F. Automatic Level
An automatic level is a relatively simple instrument whose primary function is to maintain a horizontal line of sight. However, "automatic" doesn't mean it's not subject to maladjustment. It has few parts and, except for collimation, its checks are simple and fast.
1. Compensator Check
a. Description
The compensator maintains a horizontal line of sight when the instrument is slightly out of level. A sticking compensator will not react correctly if the instrument's level condition is disturbed.
Checking the compensator is quick and should be done each day the instrument is used.
b. Check
(1) Set up and level the instrument. (2) Clear parallax. |
|
(3) Sight a level rod and note the reading. | |
(4) While sighting the rod, use a finger to firmly and gently press down on the forward end of the telescope. This will deflect the line of sight changing the reading. | |
(5) While holding the telescope depressed, the crosshairs should return to the initial reading. This is the compensator reacting as it should. | |
(6) Remove pressure from the telescope front; the line of sight will go up and then... | |
(7) ... should return to the inital rod reading. |
|
Figure F-1 Compensator Check |
Another way to check the compensator is to take a reading with the circular bubble centered, turn one of the leveling screws making the instrument slightly out of level, and check the reading again. If the second reading matches the first then the compensator is operating correctly. This must be done with care as turning a level screw too much can change the instrument’s elevation which can affect the second rod reading.
c. Behavior
A level with a sticky or inoperable compensator cannot be reliably used. Its behavior is random and is not apparent when reading a rod.
d. Compensation
If the compensator does not respond correctly, it should be sent in for repair. The internal mechanism is delicate and sealed from dust and should only be adjusted by a qualified service technician.
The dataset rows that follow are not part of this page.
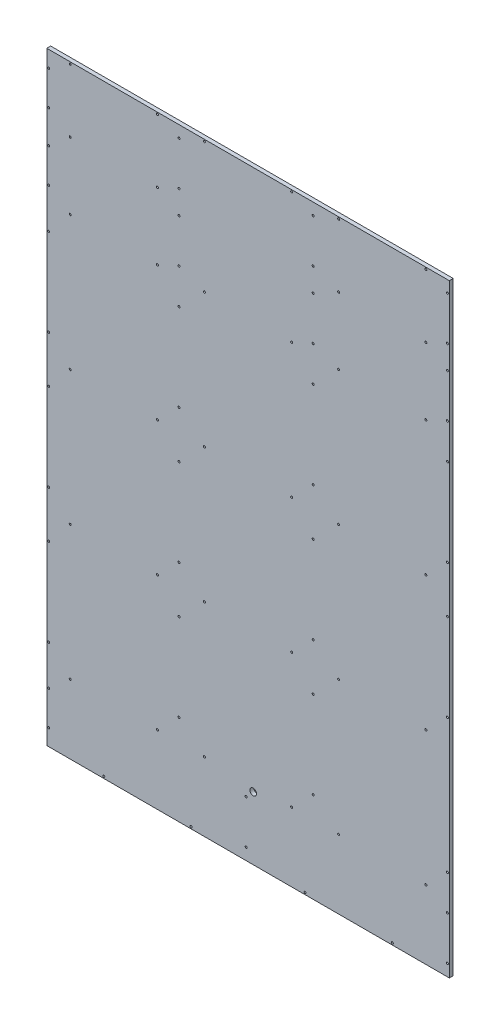
from build123d import *

# Parameters (mm, degrees)
SKETCH1_W           = 600
SKETCH1_H           = 900
SKETCH1_R           = 1.5
BOSS_EXTRUDE1_DEPTH = 5.8
SKETCH2_R           = 1.5
BOSS_EXTRUDE3_DEPTH = 5.8
SKETCH3_R           = 5
CUT_EXTRUDE1_DEPTH  = 10


with BuildPart() as part:
    # Sketch1 → Boss-Extrude1 (new body)
    with BuildSketch(Plane.XY):
        with Locations((300, 450)):
            Rectangle(SKETCH1_W, SKETCH1_H)
        with Locations((165, 102.9)):
            Circle(SKETCH1_R, mode=Mode.SUBTRACT)
        with Locations((35, 102.9)):
            Circle(SKETCH1_R, mode=Mode.SUBTRACT)
        with Locations((197.1, 265)):
            Circle(SKETCH1_R, mode=Mode.SUBTRACT)
        with Locations((197.1, 135)):
            Circle(SKETCH1_R, mode=Mode.SUBTRACT)
        with Locations((2.9, 135)):
            Circle(SKETCH1_R, mode=Mode.SUBTRACT)
        with Locations((2.9, 265)):
            Circle(SKETCH1_R, mode=Mode.SUBTRACT)
        with Locations((10.9, 265)):
            Circle(SKETCH1_R, mode=Mode.SUBTRACT)
        with Locations((10.9, 135)):
            Circle(SKETCH1_R, mode=Mode.SUBTRACT)
        with Locations((85, 2.9)):
            Circle(SKETCH1_R, mode=Mode.SUBTRACT)
        with Locations((215, 2.9)):
            Circle(SKETCH1_R, mode=Mode.SUBTRACT)
        with Locations((297.1, 82.5)):
            Circle(SKETCH1_R, mode=Mode.SUBTRACT)
        with Locations((297.1, 17.5)):
            Circle(SKETCH1_R, mode=Mode.SUBTRACT)
        with Locations((2.9, 24.5)):
            Circle(SKETCH1_R, mode=Mode.SUBTRACT)
        with Locations((2.9, 75.5)):
            Circle(SKETCH1_R, mode=Mode.SUBTRACT)
        with Locations((10.9, 75.5)):
            Circle(SKETCH1_R, mode=Mode.SUBTRACT)
        with Locations((10.9, 24.5)):
            Circle(SKETCH1_R, mode=Mode.SUBTRACT)
        with Locations((35, 702.9)):
            Circle(SKETCH1_R, mode=Mode.SUBTRACT)
        with Locations((165, 702.9)):
            Circle(SKETCH1_R, mode=Mode.SUBTRACT)
        with Locations((197.1, 782.5)):
            Circle(SKETCH1_R, mode=Mode.SUBTRACT)
        with Locations((197.1, 717.5)):
            Circle(SKETCH1_R, mode=Mode.SUBTRACT)
        with Locations((2.9, 775.5)):
            Circle(SKETCH1_R, mode=Mode.SUBTRACT)
        with Locations((10.9, 775.5)):
            Circle(SKETCH1_R, mode=Mode.SUBTRACT)
        with Locations((2.9, 724.5)):
            Circle(SKETCH1_R, mode=Mode.SUBTRACT)
        with Locations((10.9, 724.5)):
            Circle(SKETCH1_R, mode=Mode.SUBTRACT)
        with Locations((385, 2.9)):
            Circle(SKETCH1_R, mode=Mode.SUBTRACT)
        with Locations((515, 2.9)):
            Circle(SKETCH1_R, mode=Mode.SUBTRACT)
        with Locations((597.1, 82.5)):
            Circle(SKETCH1_R, mode=Mode.SUBTRACT)
        with Locations((597.1, 17.5)):
            Circle(SKETCH1_R, mode=Mode.SUBTRACT)
        with Locations((302.9, 24.5)):
            Circle(SKETCH1_R, mode=Mode.SUBTRACT)
        with Locations((302.9, 75.5)):
            Circle(SKETCH1_R, mode=Mode.SUBTRACT)
        with Locations((310.9, 75.5)):
            Circle(SKETCH1_R, mode=Mode.SUBTRACT)
        with Locations((310.9, 24.5)):
            Circle(SKETCH1_R, mode=Mode.SUBTRACT)
        with Locations((365, 102.9)):
            Circle(SKETCH1_R, mode=Mode.SUBTRACT)
        with Locations((235, 102.9)):
            Circle(SKETCH1_R, mode=Mode.SUBTRACT)
        with Locations((397.1, 265)):
            Circle(SKETCH1_R, mode=Mode.SUBTRACT)
        with Locations((397.1, 135)):
            Circle(SKETCH1_R, mode=Mode.SUBTRACT)
        with Locations((202.9, 135)):
            Circle(SKETCH1_R, mode=Mode.SUBTRACT)
        with Locations((202.9, 265)):
            Circle(SKETCH1_R, mode=Mode.SUBTRACT)
        with Locations((210.9, 265)):
            Circle(SKETCH1_R, mode=Mode.SUBTRACT)
        with Locations((210.9, 135)):
            Circle(SKETCH1_R, mode=Mode.SUBTRACT)
        with Locations((565, 102.9)):
            Circle(SKETCH1_R, mode=Mode.SUBTRACT)
        with Locations((435, 102.9)):
            Circle(SKETCH1_R, mode=Mode.SUBTRACT)
        with Locations((597.1, 265)):
            Circle(SKETCH1_R, mode=Mode.SUBTRACT)
        with Locations((597.1, 135)):
            Circle(SKETCH1_R, mode=Mode.SUBTRACT)
        with Locations((402.9, 135)):
            Circle(SKETCH1_R, mode=Mode.SUBTRACT)
        with Locations((402.9, 265)):
            Circle(SKETCH1_R, mode=Mode.SUBTRACT)
        with Locations((410.9, 265)):
            Circle(SKETCH1_R, mode=Mode.SUBTRACT)
        with Locations((410.9, 135)):
            Circle(SKETCH1_R, mode=Mode.SUBTRACT)
        with Locations((365, 302.9)):
            Circle(SKETCH1_R, mode=Mode.SUBTRACT)
        with Locations((235, 302.9)):
            Circle(SKETCH1_R, mode=Mode.SUBTRACT)
        with Locations((397.1, 465)):
            Circle(SKETCH1_R, mode=Mode.SUBTRACT)
        with Locations((397.1, 335)):
            Circle(SKETCH1_R, mode=Mode.SUBTRACT)
        with Locations((202.9, 335)):
            Circle(SKETCH1_R, mode=Mode.SUBTRACT)
        with Locations((202.9, 465)):
            Circle(SKETCH1_R, mode=Mode.SUBTRACT)
        with Locations((210.9, 465)):
            Circle(SKETCH1_R, mode=Mode.SUBTRACT)
        with Locations((210.9, 335)):
            Circle(SKETCH1_R, mode=Mode.SUBTRACT)
        with Locations((565, 302.9)):
            Circle(SKETCH1_R, mode=Mode.SUBTRACT)
        with Locations((435, 302.9)):
            Circle(SKETCH1_R, mode=Mode.SUBTRACT)
        with Locations((597.1, 465)):
            Circle(SKETCH1_R, mode=Mode.SUBTRACT)
        with Locations((597.1, 335)):
            Circle(SKETCH1_R, mode=Mode.SUBTRACT)
        with Locations((402.9, 335)):
            Circle(SKETCH1_R, mode=Mode.SUBTRACT)
        with Locations((402.9, 465)):
            Circle(SKETCH1_R, mode=Mode.SUBTRACT)
        with Locations((410.9, 465)):
            Circle(SKETCH1_R, mode=Mode.SUBTRACT)
        with Locations((410.9, 335)):
            Circle(SKETCH1_R, mode=Mode.SUBTRACT)
        with Locations((365, 502.9)):
            Circle(SKETCH1_R, mode=Mode.SUBTRACT)
        with Locations((235, 502.9)):
            Circle(SKETCH1_R, mode=Mode.SUBTRACT)
        with Locations((397.1, 665)):
            Circle(SKETCH1_R, mode=Mode.SUBTRACT)
        with Locations((397.1, 535)):
            Circle(SKETCH1_R, mode=Mode.SUBTRACT)
        with Locations((202.9, 535)):
            Circle(SKETCH1_R, mode=Mode.SUBTRACT)
        with Locations((202.9, 665)):
            Circle(SKETCH1_R, mode=Mode.SUBTRACT)
        with Locations((210.9, 665)):
            Circle(SKETCH1_R, mode=Mode.SUBTRACT)
        with Locations((210.9, 535)):
            Circle(SKETCH1_R, mode=Mode.SUBTRACT)
        with Locations((565, 502.9)):
            Circle(SKETCH1_R, mode=Mode.SUBTRACT)
        with Locations((435, 502.9)):
            Circle(SKETCH1_R, mode=Mode.SUBTRACT)
        with Locations((597.1, 665)):
            Circle(SKETCH1_R, mode=Mode.SUBTRACT)
        with Locations((597.1, 535)):
            Circle(SKETCH1_R, mode=Mode.SUBTRACT)
        with Locations((402.9, 535)):
            Circle(SKETCH1_R, mode=Mode.SUBTRACT)
        with Locations((402.9, 665)):
            Circle(SKETCH1_R, mode=Mode.SUBTRACT)
        with Locations((410.9, 665)):
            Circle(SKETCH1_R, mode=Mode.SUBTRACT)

The remainder of the checks in this chapter should only be performed if the compensator is working correctly.
2. Horizontal crosshair
a. Description
On an adjusted level, the horizontal crosshair is truly horizontal when the instrument is correctly set up. This allows accurate rod reading using any part of the crosshair.
b. Check
(1) Set up and level the instrument. (2) Clear parallax. |
|
(3) Sight a rod with one end of the horizontal crosshair and note the rod reading. | |
(4) While sighting through the telescope, use the slow motion to horizontally scan across the rod. If the reading doesn't change. the horizontal crosshair is in adjustment. |
|
Figure F-2 Horizontal Crosshair Check |
c. Behavior
As long as the their adjusting screws are not loose, the crosshairs will maintain their orientation resulting in systematic behavior.
d. Compensation
(1) Procedure
Use the crosshairs' intersection for all rod readings, Figure F-3.
Figure F-3 Use Crosshair Intersection |
(2) Adjustment
The crosshairs are mounted to a reticule held in place by adjusting screws. Depending on the instrument and its age, it will have 1, 2, or 4 adjusting screws. Figure F-4 shows a typical 2 screw system. These are generally located near the eyepiece underneath a cover. To adjust the horizontal crosshair, both screws are slightly loosened, the reticule rotated, and screws re-tightened.
Figure F-4 Reticule |
Unless the horizontal hair is significantly rotated, it's probably best to just always use the crosshair intersection for leveling. Trying to correct a small amout of error could make the situation worse and even introduce collimation error.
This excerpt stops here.